_Task data_.
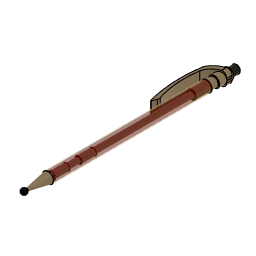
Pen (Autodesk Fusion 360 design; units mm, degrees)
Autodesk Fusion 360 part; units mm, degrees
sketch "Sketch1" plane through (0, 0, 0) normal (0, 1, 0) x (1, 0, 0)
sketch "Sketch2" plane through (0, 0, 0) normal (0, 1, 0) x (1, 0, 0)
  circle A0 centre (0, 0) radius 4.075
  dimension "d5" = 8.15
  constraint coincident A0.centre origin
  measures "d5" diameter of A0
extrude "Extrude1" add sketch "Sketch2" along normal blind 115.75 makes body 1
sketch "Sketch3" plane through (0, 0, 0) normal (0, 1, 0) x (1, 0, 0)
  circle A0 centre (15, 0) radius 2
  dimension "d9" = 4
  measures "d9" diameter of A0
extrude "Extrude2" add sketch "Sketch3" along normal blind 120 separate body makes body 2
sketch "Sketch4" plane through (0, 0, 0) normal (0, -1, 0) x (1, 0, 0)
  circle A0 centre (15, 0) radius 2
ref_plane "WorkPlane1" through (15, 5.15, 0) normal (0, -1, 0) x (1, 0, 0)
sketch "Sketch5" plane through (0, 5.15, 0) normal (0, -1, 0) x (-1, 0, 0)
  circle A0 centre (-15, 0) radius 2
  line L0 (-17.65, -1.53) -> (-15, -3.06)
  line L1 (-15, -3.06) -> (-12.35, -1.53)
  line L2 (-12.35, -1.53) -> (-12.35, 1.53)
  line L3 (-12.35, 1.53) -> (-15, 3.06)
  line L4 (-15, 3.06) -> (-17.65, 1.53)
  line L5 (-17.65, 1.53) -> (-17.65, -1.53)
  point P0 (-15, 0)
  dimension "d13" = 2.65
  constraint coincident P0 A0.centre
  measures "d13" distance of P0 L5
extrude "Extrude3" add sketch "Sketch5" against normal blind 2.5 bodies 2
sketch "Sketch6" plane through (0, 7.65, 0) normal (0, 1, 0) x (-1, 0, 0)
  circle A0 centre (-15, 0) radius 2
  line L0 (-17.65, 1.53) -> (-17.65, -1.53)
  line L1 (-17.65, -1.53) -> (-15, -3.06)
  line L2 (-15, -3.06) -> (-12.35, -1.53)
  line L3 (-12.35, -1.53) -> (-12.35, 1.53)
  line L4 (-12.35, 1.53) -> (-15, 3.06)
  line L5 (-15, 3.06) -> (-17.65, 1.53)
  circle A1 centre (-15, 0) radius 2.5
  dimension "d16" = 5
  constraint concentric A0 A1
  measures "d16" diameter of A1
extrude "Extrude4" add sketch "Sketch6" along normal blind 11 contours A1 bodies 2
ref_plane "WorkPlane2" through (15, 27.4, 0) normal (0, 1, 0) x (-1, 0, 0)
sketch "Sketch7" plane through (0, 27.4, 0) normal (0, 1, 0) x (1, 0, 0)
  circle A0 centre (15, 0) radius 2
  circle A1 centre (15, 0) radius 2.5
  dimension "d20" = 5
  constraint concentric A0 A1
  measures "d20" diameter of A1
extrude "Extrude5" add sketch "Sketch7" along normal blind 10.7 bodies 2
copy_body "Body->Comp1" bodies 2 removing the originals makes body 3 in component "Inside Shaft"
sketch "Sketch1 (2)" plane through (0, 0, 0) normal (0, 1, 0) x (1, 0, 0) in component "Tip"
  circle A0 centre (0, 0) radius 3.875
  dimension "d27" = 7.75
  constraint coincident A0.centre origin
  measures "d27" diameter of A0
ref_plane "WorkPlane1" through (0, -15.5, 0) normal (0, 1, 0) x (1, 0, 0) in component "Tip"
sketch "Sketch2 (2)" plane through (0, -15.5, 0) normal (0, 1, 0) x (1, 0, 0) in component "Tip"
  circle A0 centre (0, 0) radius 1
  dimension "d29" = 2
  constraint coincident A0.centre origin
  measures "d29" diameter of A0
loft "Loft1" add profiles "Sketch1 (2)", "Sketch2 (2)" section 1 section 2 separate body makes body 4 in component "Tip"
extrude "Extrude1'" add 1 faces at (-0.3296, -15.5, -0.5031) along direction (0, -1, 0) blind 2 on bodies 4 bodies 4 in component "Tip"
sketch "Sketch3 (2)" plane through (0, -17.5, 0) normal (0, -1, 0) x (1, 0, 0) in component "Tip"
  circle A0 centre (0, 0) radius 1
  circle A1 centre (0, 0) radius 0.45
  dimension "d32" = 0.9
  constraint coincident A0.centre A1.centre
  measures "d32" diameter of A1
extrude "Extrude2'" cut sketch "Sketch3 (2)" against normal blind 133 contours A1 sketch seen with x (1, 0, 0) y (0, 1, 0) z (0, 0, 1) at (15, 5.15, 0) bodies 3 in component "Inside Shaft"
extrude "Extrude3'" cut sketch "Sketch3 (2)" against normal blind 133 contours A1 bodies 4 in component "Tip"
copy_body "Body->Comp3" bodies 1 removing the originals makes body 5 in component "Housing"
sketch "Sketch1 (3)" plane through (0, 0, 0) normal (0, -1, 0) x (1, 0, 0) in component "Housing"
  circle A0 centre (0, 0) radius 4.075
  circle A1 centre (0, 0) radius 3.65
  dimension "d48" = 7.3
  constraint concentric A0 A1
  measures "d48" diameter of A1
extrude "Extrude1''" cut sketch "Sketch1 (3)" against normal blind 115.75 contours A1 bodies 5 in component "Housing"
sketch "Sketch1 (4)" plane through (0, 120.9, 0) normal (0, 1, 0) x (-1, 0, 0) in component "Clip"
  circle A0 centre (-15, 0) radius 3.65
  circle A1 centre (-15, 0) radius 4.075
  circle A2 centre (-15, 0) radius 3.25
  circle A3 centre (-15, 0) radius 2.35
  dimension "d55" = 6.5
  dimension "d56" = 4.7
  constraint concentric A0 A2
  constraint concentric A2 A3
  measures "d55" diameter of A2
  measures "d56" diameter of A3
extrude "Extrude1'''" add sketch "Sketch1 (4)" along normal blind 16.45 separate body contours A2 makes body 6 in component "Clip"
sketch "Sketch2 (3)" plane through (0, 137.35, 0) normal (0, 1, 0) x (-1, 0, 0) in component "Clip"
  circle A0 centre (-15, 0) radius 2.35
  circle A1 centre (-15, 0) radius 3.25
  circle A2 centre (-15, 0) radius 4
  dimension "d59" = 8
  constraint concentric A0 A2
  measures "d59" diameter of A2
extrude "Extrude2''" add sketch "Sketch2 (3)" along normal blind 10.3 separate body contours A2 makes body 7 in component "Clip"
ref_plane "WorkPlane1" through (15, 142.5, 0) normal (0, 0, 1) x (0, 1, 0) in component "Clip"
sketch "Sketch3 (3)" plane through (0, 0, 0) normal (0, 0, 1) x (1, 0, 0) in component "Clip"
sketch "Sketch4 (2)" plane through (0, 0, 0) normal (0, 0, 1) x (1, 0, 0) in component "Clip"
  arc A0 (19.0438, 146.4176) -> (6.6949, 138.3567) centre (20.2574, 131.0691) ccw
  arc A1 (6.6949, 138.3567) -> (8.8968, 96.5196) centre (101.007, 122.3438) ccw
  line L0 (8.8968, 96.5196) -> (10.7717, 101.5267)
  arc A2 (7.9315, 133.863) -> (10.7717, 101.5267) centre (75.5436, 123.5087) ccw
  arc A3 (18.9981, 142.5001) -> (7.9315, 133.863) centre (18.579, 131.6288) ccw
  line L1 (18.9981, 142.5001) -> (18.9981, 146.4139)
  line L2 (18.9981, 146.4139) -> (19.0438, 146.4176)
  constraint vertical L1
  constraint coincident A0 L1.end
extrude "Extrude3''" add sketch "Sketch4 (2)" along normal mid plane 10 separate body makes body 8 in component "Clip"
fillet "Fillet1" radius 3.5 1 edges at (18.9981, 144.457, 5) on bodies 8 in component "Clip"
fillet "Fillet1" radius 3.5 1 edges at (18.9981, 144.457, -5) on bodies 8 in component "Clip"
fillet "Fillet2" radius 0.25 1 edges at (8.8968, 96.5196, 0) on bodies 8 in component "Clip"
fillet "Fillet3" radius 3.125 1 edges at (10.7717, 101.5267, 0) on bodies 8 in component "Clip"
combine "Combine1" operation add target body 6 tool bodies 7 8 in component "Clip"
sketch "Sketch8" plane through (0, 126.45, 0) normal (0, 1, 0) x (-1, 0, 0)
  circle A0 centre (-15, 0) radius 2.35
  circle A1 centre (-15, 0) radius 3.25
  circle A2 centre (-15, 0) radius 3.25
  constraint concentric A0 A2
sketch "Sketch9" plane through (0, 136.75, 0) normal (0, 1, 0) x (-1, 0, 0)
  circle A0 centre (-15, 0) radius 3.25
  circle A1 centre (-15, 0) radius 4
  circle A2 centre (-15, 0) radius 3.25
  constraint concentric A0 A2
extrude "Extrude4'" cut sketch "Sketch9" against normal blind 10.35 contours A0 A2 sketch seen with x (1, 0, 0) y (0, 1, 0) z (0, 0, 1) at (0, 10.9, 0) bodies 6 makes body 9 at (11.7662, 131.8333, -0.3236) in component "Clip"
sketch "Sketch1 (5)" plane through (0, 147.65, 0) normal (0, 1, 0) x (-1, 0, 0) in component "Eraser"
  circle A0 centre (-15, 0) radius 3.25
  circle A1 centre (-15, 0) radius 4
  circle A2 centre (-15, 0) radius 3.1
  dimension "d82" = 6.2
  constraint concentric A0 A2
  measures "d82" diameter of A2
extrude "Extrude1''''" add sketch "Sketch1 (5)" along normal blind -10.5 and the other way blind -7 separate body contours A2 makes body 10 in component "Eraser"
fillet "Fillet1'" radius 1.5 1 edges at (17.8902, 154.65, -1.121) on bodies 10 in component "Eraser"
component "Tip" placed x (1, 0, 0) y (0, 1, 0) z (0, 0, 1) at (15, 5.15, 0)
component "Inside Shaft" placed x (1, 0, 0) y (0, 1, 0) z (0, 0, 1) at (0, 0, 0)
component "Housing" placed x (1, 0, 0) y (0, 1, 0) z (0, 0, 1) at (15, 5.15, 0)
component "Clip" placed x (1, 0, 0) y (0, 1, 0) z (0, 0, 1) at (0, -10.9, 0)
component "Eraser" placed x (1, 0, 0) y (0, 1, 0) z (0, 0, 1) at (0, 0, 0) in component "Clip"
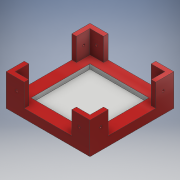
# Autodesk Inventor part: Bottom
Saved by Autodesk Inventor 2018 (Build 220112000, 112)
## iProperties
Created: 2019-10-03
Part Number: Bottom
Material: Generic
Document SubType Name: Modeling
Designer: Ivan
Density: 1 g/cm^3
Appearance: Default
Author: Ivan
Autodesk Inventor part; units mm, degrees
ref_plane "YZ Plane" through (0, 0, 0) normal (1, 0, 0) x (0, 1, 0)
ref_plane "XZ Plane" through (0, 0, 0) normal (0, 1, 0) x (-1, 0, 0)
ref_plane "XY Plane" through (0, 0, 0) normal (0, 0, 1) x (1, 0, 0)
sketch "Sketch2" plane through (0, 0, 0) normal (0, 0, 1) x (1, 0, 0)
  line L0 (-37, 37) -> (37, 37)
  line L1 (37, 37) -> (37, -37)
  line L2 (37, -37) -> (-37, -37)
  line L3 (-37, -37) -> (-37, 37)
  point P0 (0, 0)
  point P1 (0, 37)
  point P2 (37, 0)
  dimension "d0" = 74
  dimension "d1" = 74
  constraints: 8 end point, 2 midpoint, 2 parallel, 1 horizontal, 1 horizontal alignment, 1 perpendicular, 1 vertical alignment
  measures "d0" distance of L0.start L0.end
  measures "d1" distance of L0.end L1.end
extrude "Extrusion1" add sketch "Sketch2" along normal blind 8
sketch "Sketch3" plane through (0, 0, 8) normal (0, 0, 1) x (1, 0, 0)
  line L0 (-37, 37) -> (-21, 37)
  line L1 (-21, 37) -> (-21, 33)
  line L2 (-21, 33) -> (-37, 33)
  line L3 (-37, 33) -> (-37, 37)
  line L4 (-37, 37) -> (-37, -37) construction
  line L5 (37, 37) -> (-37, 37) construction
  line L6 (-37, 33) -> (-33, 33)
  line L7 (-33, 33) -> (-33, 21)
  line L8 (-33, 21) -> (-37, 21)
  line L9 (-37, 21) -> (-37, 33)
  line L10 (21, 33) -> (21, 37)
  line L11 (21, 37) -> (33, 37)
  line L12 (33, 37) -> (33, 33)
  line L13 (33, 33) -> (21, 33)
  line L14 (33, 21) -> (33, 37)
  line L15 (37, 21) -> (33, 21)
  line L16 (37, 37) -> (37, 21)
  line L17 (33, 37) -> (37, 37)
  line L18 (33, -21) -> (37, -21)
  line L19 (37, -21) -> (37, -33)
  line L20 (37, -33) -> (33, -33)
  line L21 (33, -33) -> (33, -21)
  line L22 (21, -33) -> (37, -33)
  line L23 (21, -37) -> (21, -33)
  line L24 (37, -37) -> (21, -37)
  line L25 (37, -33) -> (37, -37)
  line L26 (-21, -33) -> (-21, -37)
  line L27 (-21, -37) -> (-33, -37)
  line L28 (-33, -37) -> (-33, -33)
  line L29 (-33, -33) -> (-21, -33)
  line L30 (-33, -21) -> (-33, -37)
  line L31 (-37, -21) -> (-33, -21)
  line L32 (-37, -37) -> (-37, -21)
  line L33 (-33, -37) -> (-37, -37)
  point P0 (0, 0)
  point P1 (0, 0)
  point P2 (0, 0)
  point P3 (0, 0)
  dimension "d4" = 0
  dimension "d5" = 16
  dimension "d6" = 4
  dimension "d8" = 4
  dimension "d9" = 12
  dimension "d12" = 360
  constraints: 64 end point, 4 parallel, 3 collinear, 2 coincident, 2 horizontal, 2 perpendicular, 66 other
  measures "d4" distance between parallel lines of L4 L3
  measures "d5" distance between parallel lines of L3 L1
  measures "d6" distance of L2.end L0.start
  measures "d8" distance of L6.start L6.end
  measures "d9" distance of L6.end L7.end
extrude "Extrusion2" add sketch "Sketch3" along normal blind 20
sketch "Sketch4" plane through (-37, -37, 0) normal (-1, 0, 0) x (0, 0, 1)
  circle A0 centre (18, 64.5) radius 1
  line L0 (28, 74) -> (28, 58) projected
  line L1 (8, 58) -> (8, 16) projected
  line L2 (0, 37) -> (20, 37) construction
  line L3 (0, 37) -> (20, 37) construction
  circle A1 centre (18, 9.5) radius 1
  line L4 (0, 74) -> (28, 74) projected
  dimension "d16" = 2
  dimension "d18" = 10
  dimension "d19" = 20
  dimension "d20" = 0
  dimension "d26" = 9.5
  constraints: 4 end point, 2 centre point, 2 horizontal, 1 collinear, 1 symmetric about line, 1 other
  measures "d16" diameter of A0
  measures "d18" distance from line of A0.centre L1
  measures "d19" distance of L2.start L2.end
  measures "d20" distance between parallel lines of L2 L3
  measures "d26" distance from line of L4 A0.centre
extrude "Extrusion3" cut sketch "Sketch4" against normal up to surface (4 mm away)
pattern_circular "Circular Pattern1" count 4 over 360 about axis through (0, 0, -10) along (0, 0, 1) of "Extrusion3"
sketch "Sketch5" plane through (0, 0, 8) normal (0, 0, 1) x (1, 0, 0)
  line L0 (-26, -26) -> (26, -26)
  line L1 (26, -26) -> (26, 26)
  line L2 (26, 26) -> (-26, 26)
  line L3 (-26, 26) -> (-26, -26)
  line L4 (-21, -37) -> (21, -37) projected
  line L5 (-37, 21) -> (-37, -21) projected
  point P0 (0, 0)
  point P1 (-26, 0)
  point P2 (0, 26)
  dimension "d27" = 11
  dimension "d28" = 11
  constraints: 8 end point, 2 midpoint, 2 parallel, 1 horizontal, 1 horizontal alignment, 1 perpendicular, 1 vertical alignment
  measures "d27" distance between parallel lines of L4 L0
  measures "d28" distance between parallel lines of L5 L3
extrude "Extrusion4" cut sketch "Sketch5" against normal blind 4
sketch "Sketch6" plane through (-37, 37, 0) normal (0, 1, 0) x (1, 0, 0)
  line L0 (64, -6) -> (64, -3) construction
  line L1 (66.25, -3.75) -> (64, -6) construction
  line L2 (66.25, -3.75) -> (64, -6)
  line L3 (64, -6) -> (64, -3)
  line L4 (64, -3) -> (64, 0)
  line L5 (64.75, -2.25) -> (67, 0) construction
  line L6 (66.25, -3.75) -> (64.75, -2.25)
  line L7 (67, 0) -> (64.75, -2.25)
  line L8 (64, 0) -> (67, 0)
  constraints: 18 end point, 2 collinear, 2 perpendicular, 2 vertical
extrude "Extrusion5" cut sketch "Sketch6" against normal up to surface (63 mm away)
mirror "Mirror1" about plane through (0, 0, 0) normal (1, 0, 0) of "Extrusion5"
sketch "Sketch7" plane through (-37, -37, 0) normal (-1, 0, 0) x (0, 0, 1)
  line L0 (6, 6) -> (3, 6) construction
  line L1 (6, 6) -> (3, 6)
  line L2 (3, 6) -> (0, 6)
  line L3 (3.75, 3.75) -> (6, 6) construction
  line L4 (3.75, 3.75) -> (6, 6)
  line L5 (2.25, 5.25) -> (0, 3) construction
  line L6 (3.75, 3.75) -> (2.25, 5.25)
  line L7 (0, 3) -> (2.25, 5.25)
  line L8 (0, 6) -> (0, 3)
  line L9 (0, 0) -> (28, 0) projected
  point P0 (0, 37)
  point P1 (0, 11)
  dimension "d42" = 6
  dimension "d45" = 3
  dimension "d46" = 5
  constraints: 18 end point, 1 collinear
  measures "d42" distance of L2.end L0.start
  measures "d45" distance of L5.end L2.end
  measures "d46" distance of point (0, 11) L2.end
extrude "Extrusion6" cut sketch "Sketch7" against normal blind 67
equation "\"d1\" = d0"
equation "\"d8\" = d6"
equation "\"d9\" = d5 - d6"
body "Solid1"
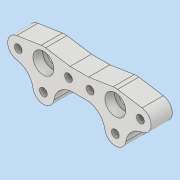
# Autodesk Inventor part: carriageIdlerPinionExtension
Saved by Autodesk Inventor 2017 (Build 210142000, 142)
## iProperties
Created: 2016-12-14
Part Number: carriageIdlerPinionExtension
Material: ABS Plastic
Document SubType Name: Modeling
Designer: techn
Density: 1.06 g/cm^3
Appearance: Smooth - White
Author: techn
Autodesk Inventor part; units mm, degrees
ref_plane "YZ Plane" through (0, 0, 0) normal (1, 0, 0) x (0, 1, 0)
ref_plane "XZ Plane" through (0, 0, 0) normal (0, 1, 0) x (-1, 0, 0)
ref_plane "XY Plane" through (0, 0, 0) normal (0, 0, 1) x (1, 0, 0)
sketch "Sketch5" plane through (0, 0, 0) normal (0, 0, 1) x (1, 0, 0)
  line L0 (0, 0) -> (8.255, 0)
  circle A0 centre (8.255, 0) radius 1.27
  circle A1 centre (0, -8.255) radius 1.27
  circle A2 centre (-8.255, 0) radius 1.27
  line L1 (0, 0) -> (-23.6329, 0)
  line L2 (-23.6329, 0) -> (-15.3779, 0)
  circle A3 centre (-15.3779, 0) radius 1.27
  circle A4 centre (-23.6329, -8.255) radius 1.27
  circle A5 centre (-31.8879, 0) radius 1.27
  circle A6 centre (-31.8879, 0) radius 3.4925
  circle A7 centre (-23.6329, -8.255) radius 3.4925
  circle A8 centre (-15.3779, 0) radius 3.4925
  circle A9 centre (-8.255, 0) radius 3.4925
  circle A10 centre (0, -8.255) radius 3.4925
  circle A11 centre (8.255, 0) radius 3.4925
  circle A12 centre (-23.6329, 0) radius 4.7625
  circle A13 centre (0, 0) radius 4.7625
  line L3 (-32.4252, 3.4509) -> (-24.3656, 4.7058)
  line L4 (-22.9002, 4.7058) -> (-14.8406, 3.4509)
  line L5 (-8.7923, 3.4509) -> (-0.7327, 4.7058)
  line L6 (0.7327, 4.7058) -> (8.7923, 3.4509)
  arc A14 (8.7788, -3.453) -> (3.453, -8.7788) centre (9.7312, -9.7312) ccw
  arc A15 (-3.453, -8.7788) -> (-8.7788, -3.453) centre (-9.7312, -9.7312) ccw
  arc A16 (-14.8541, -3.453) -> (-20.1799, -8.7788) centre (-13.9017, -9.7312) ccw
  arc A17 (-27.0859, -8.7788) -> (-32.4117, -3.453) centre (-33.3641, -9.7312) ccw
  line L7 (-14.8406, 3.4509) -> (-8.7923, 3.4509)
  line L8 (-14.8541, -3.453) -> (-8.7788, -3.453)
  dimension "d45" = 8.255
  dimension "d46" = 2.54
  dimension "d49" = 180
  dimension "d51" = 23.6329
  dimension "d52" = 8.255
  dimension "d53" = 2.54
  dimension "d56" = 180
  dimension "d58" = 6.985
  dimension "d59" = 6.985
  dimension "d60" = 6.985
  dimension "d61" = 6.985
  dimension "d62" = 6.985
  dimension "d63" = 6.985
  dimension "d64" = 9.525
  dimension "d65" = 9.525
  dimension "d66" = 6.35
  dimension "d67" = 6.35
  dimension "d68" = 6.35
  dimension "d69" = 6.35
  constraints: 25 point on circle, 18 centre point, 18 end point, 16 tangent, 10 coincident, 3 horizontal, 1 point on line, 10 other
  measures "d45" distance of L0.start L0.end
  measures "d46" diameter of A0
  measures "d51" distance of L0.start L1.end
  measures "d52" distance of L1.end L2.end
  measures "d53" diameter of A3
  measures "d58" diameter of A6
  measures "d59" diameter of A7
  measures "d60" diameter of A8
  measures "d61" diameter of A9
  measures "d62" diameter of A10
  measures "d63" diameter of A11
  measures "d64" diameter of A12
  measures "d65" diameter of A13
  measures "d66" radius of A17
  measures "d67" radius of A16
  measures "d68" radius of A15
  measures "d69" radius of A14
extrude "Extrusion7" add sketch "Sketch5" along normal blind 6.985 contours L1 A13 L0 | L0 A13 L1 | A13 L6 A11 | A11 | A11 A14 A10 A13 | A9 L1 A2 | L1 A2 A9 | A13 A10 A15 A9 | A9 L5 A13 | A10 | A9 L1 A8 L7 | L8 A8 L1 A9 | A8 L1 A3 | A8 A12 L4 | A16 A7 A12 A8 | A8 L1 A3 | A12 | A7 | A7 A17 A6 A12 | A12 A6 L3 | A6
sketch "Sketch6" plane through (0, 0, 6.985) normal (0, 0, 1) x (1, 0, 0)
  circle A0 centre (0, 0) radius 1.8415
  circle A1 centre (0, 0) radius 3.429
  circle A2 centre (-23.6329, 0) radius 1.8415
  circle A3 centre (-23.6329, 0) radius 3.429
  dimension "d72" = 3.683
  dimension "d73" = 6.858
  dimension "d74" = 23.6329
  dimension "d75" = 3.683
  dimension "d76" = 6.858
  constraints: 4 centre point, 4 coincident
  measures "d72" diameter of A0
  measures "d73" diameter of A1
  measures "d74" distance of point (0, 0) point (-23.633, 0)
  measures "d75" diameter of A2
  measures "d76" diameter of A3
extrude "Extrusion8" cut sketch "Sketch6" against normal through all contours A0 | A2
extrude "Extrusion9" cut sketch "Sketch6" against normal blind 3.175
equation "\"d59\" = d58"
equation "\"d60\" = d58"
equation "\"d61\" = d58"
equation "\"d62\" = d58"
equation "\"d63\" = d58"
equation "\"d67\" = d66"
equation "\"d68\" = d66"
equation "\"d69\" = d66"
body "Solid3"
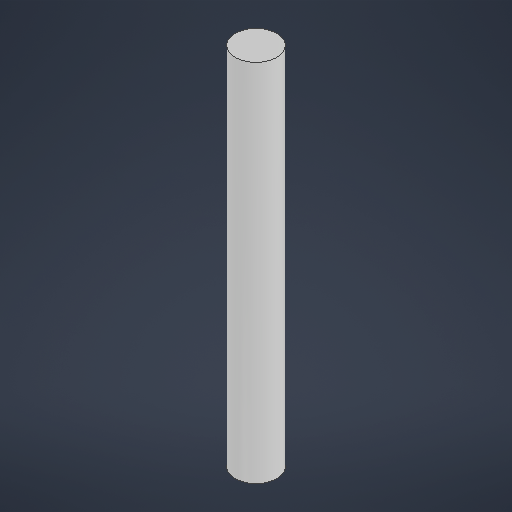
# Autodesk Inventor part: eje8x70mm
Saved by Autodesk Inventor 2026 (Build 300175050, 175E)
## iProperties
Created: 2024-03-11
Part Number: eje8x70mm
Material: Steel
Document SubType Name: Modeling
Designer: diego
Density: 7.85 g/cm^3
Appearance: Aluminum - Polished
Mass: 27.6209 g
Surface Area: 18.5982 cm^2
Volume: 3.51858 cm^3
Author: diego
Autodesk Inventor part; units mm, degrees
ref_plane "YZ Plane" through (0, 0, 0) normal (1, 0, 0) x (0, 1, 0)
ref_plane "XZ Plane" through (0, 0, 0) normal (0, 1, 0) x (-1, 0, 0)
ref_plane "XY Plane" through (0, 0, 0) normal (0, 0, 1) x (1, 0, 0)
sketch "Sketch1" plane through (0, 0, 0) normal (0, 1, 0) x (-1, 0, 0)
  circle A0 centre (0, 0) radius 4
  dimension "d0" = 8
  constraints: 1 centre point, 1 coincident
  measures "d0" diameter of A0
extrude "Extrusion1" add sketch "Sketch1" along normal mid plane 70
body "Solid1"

_What to do_. Working from the material above, tally how many lines hold the string "Density". The number is all that is needed.

_Response box_. 3